タジマモーターコーポレーション(長野県大町市)は10月17日、同社創業者の田嶋伸博氏と同社自身に対する廃棄物処理法違反事件で、刑事第一審の無罪判決が確定したと発表した。
田嶋会長(当時)は、グループ会社の大町温泉観光の元代表と共謀し、同社運営の爺ガ岳スキー場内で廃棄物である木くず約41.8kgを焼却したとして、2022年12月に公訴された。長野地方裁判所松本支部は2023年10月17日、田嶋氏とタジマモーターコーポレーションに無罪判決を言い渡した。

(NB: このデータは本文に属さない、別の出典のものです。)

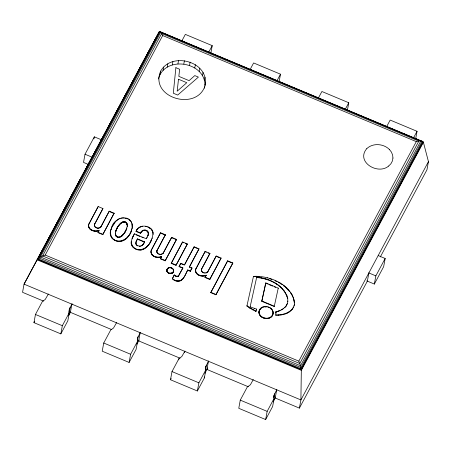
<?xml version="1.0" encoding="UTF-8"?>
<svg xmlns="http://www.w3.org/2000/svg" width="451" height="451" viewBox="0 0 451 451"><rect width="100%" height="100%" fill="white"/><g stroke="black" fill="none" stroke-linecap="round" stroke-linejoin="round"><path stroke-width="0.68" d="M140.509 233.319C141.343 228.488 149.693 229.294 148.232 234.492C149.213 229.621 141.682 228.967 140.509 233.319L136.055 231.453C138.62 222.833 153.673 225.308 153.013 234.238L153.069 233.911L152.094 238.303L152.156 237.976C150.16 243.162 146.705 249.471 140.565 250.108C136.044 250.356 130.452 246.945 131.218 241.837C133.079 255.029 149.005 249.831 151.575 239.47L151.513 239.797M173.635 270.78C173.46 275.279 165.534 273.83 166.938 269.574C168.178 265.786 175.061 267.939 173.404 271.823L173.641 270.532M259.173 310.981C261.056 303.444 274.524 306.28 272.99 313.992L273.052 313.665C271.705 321.975 256.873 318.846 259.229 310.654L259.054 311.478L259.116 311.151M272.878 314.488L272.934 314.161C270.707 320.937 258.784 318.772 259.054 311.652L258.992 311.979M94.417 224.925L94.4 225.652L94.721 223.905L102.941 208.548L98.166 206.552L88.723 224.412L98.166 206.552M156.807 251.861L156.892 250.801L156.807 251.861L157.427 253.253L156.869 251.534M201.467 269.444L201.586 271.231L201.71 268.757L209.929 253.4L205.154 251.399L195.711 269.264L205.154 251.399M284.711 307.497L284.654 307.824L286.278 305.93L287.4 303.427C285.601 308.191 280.68 310.818 275.916 311.726L275.753 315.221C282.805 315.553 291.831 313.101 294.131 305.569L294.075 305.896L294.464 304.036L294.407 304.363C293.793 285.246 270.172 275.443 253.473 276.345L246.911 306.032L249.73 308.072L255.965 311.461L256.027 311.134L249.792 307.745L246.973 305.705L246.911 306.032M111.38 228.488C113.562 215.764 134.229 213.002 132.042 228.567L132.104 228.24C130.559 234.165 126.505 241.06 119.735 241.499C114.058 241.759 108.544 236.471 110.642 230.624L110.58 230.951L111.442 228.161L110.952 229.739L111.014 229.412M131.669 229.779L131.731 229.452C130.001 241.415 111.031 247.041 110.427 231.876L110.365 232.203M132.042 223.431L132.256 227.315L132.318 226.988M205.374 369.561L205.786 366.646L208.616 360.935M276.846 389.568L274.056 395.2L274.135 398.323L272.63 406.503L265.65 419.554L238.771 408.307L240.27 400.127L247.255 387.082L250.423 384.742L253.276 379.522M166.791 270.38L167.524 268.835M135.836 243.348L135.892 243.021L136.095 244.515L136.005 242.136L137.465 238.855L144.67 241.871L142.42 245.327L144.579 242.102M72.115 303.748L69.353 309.003L69.319 312.656L67.819 320.836L60.834 333.881L33.955 322.64L35.46 314.46L42.439 301.415L45.218 299.487L48.375 294.007M127.334 225.827L126.607 228.725L126.81 227.986L126.748 228.313M255.965 311.461L256.591 309.098L250.108 306.855M94.456 225.325C94.936 228.206 99.321 229.091 100.934 226.69L109.243 211.164L114.126 213.205L102.777 234.633L98.025 232.643L99.09 230.647C94.727 232.716 87.015 229.847 88.785 224.085M150.938 251.697L151 251.37C150.922 256.484 157.596 258.248 161.559 256.529L161.497 256.856C157.14 258.919 149.422 256.055 151.192 250.288L160.579 232.755L165.354 234.751L165.291 235.078L157.072 250.44L165.354 234.751M195.514 270.346L195.576 270.019C195.497 275.127 202.172 276.891 206.135 275.172L206.079 275.499C201.715 277.568 193.998 274.698 195.773 268.937M101.915 140.007L94.338 136.833L85.025 154.231L83.525 162.411L87.945 164.26M93.96 138.88L94.338 136.833M60.834 333.881L62.334 325.701L69.319 312.656M68.727 312.413L69.353 309.003M68.811 314.849L70.187 307.345M71.895 304.154L70.395 312.334L111.78 329.642M88.531 225.494L88.588 225.167C88.509 230.275 95.189 232.045 99.152 230.32L98.025 232.643M88.588 226.605L88.65 226.278M88.903 227.699L88.965 227.372M89.259 228.341L89.321 228.014M89.732 228.939L89.794 228.612M90.307 229.469L90.369 229.142M91.023 229.976L91.085 229.649M91.807 230.41L91.863 230.083M92.641 230.754L92.703 230.427M93.442 230.991L93.504 230.664M94.721 223.905L94.665 224.232L102.941 208.548M94.603 226.379L94.659 226.052M94.265 231.166L94.321 230.833M95.014 227.05L95.076 226.723M95.612 227.62L95.674 227.293M95.093 231.262L95.155 230.935M96.356 228.059L96.413 227.732M95.928 231.284L95.984 230.957M97.253 228.003L97.191 228.33L98.07 228.42L98.989 227.992M96.751 231.233L96.813 230.906M97.563 231.109L97.619 230.782M98.07 228.42L98.126 228.093M98.341 230.912L98.403 230.585M99.778 227.716L99.716 228.043L100.872 227.016L109.243 211.164M100.381 227.597L100.438 227.27M100.872 227.016L100.934 226.69M102.777 234.633L114.126 213.205M110.32 233.471L110.382 233.144M110.388 234.599L110.45 234.272M111.955 226.938L111.893 227.265L115.552 221.666L118.698 218.887M110.63 235.721L110.692 235.394M112.491 226.069L112.553 225.742M113.156 224.908L113.218 224.575M111.042 236.814L111.104 236.487M113.9 223.781L113.962 223.448M111.47 237.57L111.532 237.243M114.723 222.693L114.785 222.366M112.028 238.263L112.085 237.936M115.552 221.666L115.608 221.34M112.699 238.889L112.761 238.562M116.51 220.731L116.567 220.404M113.551 239.554L113.613 239.227M117.587 219.891L117.649 219.564M115.884 235.642L115.828 235.969L115.394 233.404C116.612 241.68 125.192 234.266 126.133 229.728L124.194 233.432L124.251 233.105M116.02 230.782L116.082 230.455L115.636 232.04C115.715 226.954 125.767 215.572 127.295 225.782M115.749 231.617L115.811 231.29M115.879 231.2L115.935 230.873M115.371 234.481L115.433 234.148M114.492 240.135L114.554 239.808M115.411 234.779L115.473 234.452M116.335 229.79L116.273 230.117C117.226 225.714 125.248 217.286 127.289 225.41L127.345 225.083M115.479 235.078L115.541 234.745M116.555 229.458L116.612 229.131M115.569 235.371L115.631 235.044M116.86 228.809L116.922 228.482M115.676 235.676L115.732 235.349M116.984 228.556L117.04 228.229M117.113 228.302L117.17 227.975M117.249 228.059L117.311 227.727M117.378 227.806L117.435 227.479M117.514 227.558L117.576 227.231M116.025 236.245L116.082 235.918M117.66 227.315L117.722 226.988M116.228 236.459L116.285 236.132M118.032 226.695L118.094 226.368M115.501 240.614L115.563 240.287M116.454 236.657L116.516 236.33M118.433 226.086L118.489 225.759M119.791 218.662L119.853 218.335M151.226 47.868L151.598 45.822L159.62 31.446L160.742 32.23L162.693 35.539L416.301 141.62C418.438 141.321 421.91 140.03 423.393 142.257L428.45 161.621L426.95 169.801L380.311 256.94M116.764 236.504L116.91 236.955L116.972 236.628M118.855 225.489L118.912 225.162M119.126 225.128L119.188 224.801M117.13 237.063L117.187 236.736M119.414 224.773L119.47 224.446M116.561 241.003L116.623 240.676M117.356 237.153L117.418 236.826M119.707 224.429L119.769 224.102M117.638 236.922L117.807 237.333L118.359 237.451L118.421 237.125M120.017 224.074L120.079 223.747M121.037 218.25L121.099 217.923M117.807 237.333L117.869 237.006M120.344 223.73L120.406 223.403M118.049 237.395L118.106 237.068M120.688 223.397L120.744 223.07M117.666 241.279L117.722 240.947M120.998 223.149L121.06 222.822M121.945 218.075L122.007 217.748M118.675 237.485L118.737 237.158M121.325 222.918L121.387 222.591M118.991 237.491L119.053 237.164M121.674 222.704L121.736 222.377M121.962 222.54L122.024 222.213M119.419 237.119L119.357 237.446L120.107 236.916M122.886 218.019L122.948 217.692M122.266 222.394L122.322 222.067M118.788 241.437L118.85 241.11M119.712 237.367L119.774 237.04M122.582 222.27L122.638 221.943M122.914 222.146L122.971 221.819M120.361 237.119L120.423 236.792M123.833 218.087L123.895 217.76M123.27 222.067L123.326 221.74M119.735 241.499L119.797 241.172M120.727 236.645L120.665 236.972L121.015 236.487M123.636 222.027L123.698 221.7M123.952 222.027L124.014 221.7M121.358 236.273L121.302 236.6L123.828 233.703M120.676 241.443L120.738 241.116M121.629 236.363L121.691 236.036M124.267 222.061L124.329 221.734M121.939 236.115L122.001 235.788M124.577 222.123L124.639 221.796M122.283 235.783L122.339 235.456M124.82 222.18L124.876 221.853M122.61 235.439L122.666 235.112M125.051 222.264L125.107 221.937M121.584 241.274L121.646 240.947M122.92 235.084L122.976 234.757M125.271 222.366L125.333 222.039M126.122 218.194L126.06 218.521L124.961 218.245M123.213 234.74L123.275 234.413M125.496 222.45L125.558 222.123M123.495 234.39L123.557 234.063M125.716 222.557L125.778 222.23M116.691 322.482L113.489 328.04L110.709 329.969L103.73 343.014L102.225 351.199L129.104 362.441L136.089 349.395L137.589 341.21L137.516 338.092L140.346 332.376M125.919 222.681L125.981 222.354M122.83 240.857L122.892 240.53M126.173 222.856L126.229 222.529M124.594 232.823L124.651 232.496M126.398 223.053L126.46 222.726M127.12 218.904L127.182 218.577M124.966 232.197L125.028 231.87M126.601 223.268L126.663 222.941M125.113 231.955L125.169 231.628M125.248 231.707L125.44 231.132M126.799 223.544L126.861 223.217M125.513 231.211L125.575 230.884M125.643 230.957L125.705 230.63M126.951 223.837L127.013 223.51M123.986 240.31L124.048 239.983M125.767 230.703L125.829 230.376M127.058 224.141L127.12 223.814M127.148 224.44L127.21 224.113M128.129 219.383L128.191 219.056M126.353 229.396L126.669 228.398M127.216 224.739L127.272 224.412M127.255 225.038L127.317 224.711M125.034 239.628L125.096 239.301M129.133 219.637L129.922 220.629L129.984 220.302M126.117 238.788L126.173 238.461M127.075 237.852L127.131 237.525M130.581 221.238L130.643 220.911M127.898 236.826L127.96 236.499M131.128 221.915L131.19 221.588M128.721 235.743L128.783 235.416M131.551 222.647L131.613 222.32M129.465 234.616L129.527 234.289M130.13 233.449L130.192 233.122M130.728 232.254L130.79 231.927M132.233 224.897L132.295 224.57M131.241 231.03L131.303 230.703M160.094 74.37L160.691 71.1C171.668 51.115 209.67 61.855 205.013 85.324C205.053 61.353 164.35 55.31 158.453 78.981M132.301 226.047L132.363 225.72M131.185 243.399L131.247 243.072M134.364 233.781L132.194 238.325L134.364 233.781L146.321 238.782L148.148 234.853L147.872 235.856L147.928 235.529M163.082 70.328L163.685 67.058M131.444 244.628L131.506 244.301M133.028 236.499L133.084 236.172M131.923 245.818L131.985 245.491M132.323 246.415L132.385 246.088M132.791 246.985L132.853 246.658M133.321 247.514L133.383 247.187M136.055 231.453L136.602 230.247M136.54 230.574L136.924 229.728M136.862 230.061L137.29 229.238M167.236 67.103L167.834 63.833M137.69 228.764L137.228 229.565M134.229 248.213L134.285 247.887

「モンスター田嶋」の愛称で知られる田嶋氏は、ヒルクライムレースなどで活躍し、電気自動車普及協会(APEV)の代表理事も務める。タジマモーターコーポレーションは電気自動車の企画・設計・製造・販売を手掛けている。
田嶋氏は当初から共謀を否認し無罪を主張。ただし、廃棄物処理法への理解が不十分で木くず焼却を容認した可能性があるとして、同社の取締役を辞任している。なお、スキー場内に廃棄物を埋めて投棄した嫌疑では逮捕・勾留されたが、処分保留で釈放された。
タジマモーターコーポレーションは2020年から爺ガ岳スキー場の経営に参画。施設老朽化で安全性に問題があるため、同社が大町温泉観光に対応を求め、同社が建物を取り壊した。その際の廃棄物処理が問題視されていた。